Now let's use the custom dataset with one of the models from this repository.

In [None]:
# Check if GPU is available
device = "cuda" if torch.cuda.is_available() else "cpu"
print(f"Using device: {device}")

# Set hyperparameters
embedding_dim = 64
num_layers = 2
heads = 4
batch_size = 16

# Create model
model = PyTorchTransformerEncoder(
    embedding_type=EmbeddingType.POS_LEARNED,
    src_vocab_size=vocab_size,
    trg_vocab_size=num_classes,
    embedding_dim=embedding_dim,
    num_layers=num_layers,
    heads=heads,
    dropout=0.1,
    device=device,
    max_length=max_length
).to(device)

print(f"Model created with {sum(p.numel() for p in model.parameters())} parameters")

In [None]:
# Create DataLoader
train_loader = DataLoader(
    classification_dataset,
    batch_size=batch_size,
    shuffle=True,
    drop_last=True
)

# Test forward pass
model.eval()
with torch.no_grad():
    for batch in train_loader:
        input_ids = batch['input_ids'].to(device)
        labels = batch['labels'].to(device)
        
        # Forward pass
        output = model(input_ids)
        
        print(f"Input shape: {input_ids.shape}")
        print(f"Output shape: {output.shape}")
        print(f"Labels shape: {labels.shape}")
        break

## 6. Example: Loading a Real HuggingFace Dataset

Here's how you might use a real dataset from the HuggingFace Hub (commented out as it requires tokenization).

In [None]:
# Example with a real dataset (uncomment to use)
# Note: You'll need to tokenize the text data first

# from datasets import load_dataset
# from transformers import AutoTokenizer

# # Load dataset
# dataset = load_dataset("imdb", split="train[:100]")

# # Load tokenizer
# tokenizer = AutoTokenizer.from_pretrained("bert-base-uncased")

# # Tokenize the dataset
# def tokenize_function(examples):
#     return tokenizer(examples["text"], padding="max_length", truncation=True, max_length=512)

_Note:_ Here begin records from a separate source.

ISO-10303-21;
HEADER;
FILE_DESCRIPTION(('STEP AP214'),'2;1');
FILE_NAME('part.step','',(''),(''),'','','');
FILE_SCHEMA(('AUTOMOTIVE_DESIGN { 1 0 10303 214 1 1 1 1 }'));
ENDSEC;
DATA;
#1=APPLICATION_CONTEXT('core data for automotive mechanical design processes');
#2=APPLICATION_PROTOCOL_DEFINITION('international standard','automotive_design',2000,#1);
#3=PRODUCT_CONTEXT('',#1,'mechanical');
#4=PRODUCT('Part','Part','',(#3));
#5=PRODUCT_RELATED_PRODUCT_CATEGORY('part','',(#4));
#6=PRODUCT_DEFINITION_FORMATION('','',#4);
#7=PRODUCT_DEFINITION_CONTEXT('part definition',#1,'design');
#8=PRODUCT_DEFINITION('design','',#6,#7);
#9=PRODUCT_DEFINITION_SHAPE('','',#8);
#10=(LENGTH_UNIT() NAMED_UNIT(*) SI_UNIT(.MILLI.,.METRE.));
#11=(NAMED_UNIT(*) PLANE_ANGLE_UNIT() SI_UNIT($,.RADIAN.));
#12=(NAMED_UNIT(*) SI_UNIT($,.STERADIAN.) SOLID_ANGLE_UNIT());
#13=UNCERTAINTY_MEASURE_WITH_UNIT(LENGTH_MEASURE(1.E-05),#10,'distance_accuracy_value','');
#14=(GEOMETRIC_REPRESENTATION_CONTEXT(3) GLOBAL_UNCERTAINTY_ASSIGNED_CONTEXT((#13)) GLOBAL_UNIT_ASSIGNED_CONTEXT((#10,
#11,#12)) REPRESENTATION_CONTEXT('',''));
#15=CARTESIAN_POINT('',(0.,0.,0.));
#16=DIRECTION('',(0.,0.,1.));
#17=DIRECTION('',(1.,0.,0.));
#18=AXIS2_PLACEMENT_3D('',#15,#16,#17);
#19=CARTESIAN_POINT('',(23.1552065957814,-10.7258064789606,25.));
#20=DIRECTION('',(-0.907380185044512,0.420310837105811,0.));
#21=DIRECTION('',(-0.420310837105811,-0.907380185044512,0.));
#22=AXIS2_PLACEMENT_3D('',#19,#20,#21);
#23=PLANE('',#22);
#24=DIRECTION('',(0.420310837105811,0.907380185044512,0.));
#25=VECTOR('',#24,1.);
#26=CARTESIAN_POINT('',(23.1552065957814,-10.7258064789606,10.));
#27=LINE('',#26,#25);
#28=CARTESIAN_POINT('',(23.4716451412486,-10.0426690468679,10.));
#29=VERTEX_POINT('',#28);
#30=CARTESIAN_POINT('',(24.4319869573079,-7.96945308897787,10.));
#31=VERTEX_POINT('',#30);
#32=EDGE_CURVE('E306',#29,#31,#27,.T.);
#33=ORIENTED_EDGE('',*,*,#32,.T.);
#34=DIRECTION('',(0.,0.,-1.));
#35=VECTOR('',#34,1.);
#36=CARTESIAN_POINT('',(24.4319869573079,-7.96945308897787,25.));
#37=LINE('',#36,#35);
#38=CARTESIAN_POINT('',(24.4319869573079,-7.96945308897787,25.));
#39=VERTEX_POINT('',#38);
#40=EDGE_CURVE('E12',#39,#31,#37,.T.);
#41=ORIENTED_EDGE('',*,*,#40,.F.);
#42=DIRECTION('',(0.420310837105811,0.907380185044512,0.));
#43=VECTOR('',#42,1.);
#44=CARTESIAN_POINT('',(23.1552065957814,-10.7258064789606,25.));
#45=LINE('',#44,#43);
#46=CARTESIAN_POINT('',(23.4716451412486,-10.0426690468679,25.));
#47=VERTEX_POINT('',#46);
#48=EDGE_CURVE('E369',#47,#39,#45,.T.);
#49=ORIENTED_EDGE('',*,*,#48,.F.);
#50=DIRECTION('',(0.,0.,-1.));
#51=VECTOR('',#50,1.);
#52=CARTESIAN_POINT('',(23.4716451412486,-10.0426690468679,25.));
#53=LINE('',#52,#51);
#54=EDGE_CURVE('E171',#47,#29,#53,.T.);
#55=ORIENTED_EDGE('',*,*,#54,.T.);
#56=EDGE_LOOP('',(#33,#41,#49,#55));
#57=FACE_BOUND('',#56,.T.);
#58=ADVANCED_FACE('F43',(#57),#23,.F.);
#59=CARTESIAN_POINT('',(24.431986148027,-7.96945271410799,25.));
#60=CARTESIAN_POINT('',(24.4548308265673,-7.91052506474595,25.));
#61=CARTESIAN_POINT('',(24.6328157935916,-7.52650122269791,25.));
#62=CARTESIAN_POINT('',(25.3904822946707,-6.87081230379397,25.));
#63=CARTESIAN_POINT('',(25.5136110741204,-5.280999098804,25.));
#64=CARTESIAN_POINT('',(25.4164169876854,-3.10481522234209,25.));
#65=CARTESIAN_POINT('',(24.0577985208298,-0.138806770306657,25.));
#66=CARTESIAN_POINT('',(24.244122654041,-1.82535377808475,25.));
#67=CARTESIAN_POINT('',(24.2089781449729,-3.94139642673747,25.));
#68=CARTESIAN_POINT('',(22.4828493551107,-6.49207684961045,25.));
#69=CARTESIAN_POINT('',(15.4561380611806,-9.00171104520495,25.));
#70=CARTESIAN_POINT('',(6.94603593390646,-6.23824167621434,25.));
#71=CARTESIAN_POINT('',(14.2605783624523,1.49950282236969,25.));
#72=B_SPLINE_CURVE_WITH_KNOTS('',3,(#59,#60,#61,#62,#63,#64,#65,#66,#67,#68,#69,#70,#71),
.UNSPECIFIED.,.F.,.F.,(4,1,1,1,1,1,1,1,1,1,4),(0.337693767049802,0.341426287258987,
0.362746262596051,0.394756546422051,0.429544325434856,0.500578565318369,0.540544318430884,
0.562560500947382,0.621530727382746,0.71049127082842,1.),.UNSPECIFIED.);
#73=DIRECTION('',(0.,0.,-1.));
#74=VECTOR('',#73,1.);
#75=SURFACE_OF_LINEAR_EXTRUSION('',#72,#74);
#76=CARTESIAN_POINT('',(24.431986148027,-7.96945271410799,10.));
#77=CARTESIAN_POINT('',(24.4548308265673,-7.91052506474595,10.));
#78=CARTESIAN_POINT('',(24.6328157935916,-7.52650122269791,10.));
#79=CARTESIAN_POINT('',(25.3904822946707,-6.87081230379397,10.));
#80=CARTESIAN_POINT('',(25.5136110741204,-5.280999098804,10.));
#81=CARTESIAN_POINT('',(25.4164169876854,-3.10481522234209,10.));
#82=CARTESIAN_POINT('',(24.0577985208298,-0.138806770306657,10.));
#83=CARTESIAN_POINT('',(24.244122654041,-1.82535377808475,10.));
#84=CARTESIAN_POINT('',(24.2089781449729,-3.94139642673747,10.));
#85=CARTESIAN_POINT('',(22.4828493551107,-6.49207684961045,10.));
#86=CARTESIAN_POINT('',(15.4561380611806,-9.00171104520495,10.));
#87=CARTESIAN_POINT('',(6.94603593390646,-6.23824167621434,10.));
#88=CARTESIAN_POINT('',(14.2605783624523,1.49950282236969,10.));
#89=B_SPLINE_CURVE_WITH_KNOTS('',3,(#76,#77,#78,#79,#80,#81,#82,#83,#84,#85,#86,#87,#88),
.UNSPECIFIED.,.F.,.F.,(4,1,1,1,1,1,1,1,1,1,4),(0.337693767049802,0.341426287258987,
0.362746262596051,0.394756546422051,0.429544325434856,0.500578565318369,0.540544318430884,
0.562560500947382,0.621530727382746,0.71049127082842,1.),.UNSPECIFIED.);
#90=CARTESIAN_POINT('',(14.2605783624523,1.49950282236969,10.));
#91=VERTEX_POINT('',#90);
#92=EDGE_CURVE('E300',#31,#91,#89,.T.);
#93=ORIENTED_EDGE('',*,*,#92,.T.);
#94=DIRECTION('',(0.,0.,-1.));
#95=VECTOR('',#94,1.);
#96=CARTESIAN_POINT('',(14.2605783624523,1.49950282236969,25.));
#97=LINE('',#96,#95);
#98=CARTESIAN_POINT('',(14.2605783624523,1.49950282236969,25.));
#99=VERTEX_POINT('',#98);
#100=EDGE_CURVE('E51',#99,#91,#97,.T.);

# tokenized_dataset = dataset.map(tokenize_function, batched=True)

# # Use the adapter
# adapted_dataset = HuggingFaceDatasetAdapter(
#     hf_dataset=tokenized_dataset,
#     input_column='input_ids',
#     target_column='label'
# )

# # Create DataLoader
# dataloader = DataLoader(adapted_dataset, batch_size=8, shuffle=True)

## Summary

This notebook demonstrated:
1. How to use the `HuggingFaceDatasetAdapter` to wrap HuggingFace datasets for use with models in this repository
2. How to create custom text classification datasets using `HuggingFaceSequenceClassificationDataset`
3. How to convert custom datasets to HuggingFace format
4. How to use these datasets with the Transformer models in the repository

The integration allows you to leverage the extensive HuggingFace datasets ecosystem while using the sequence models provided in this repository.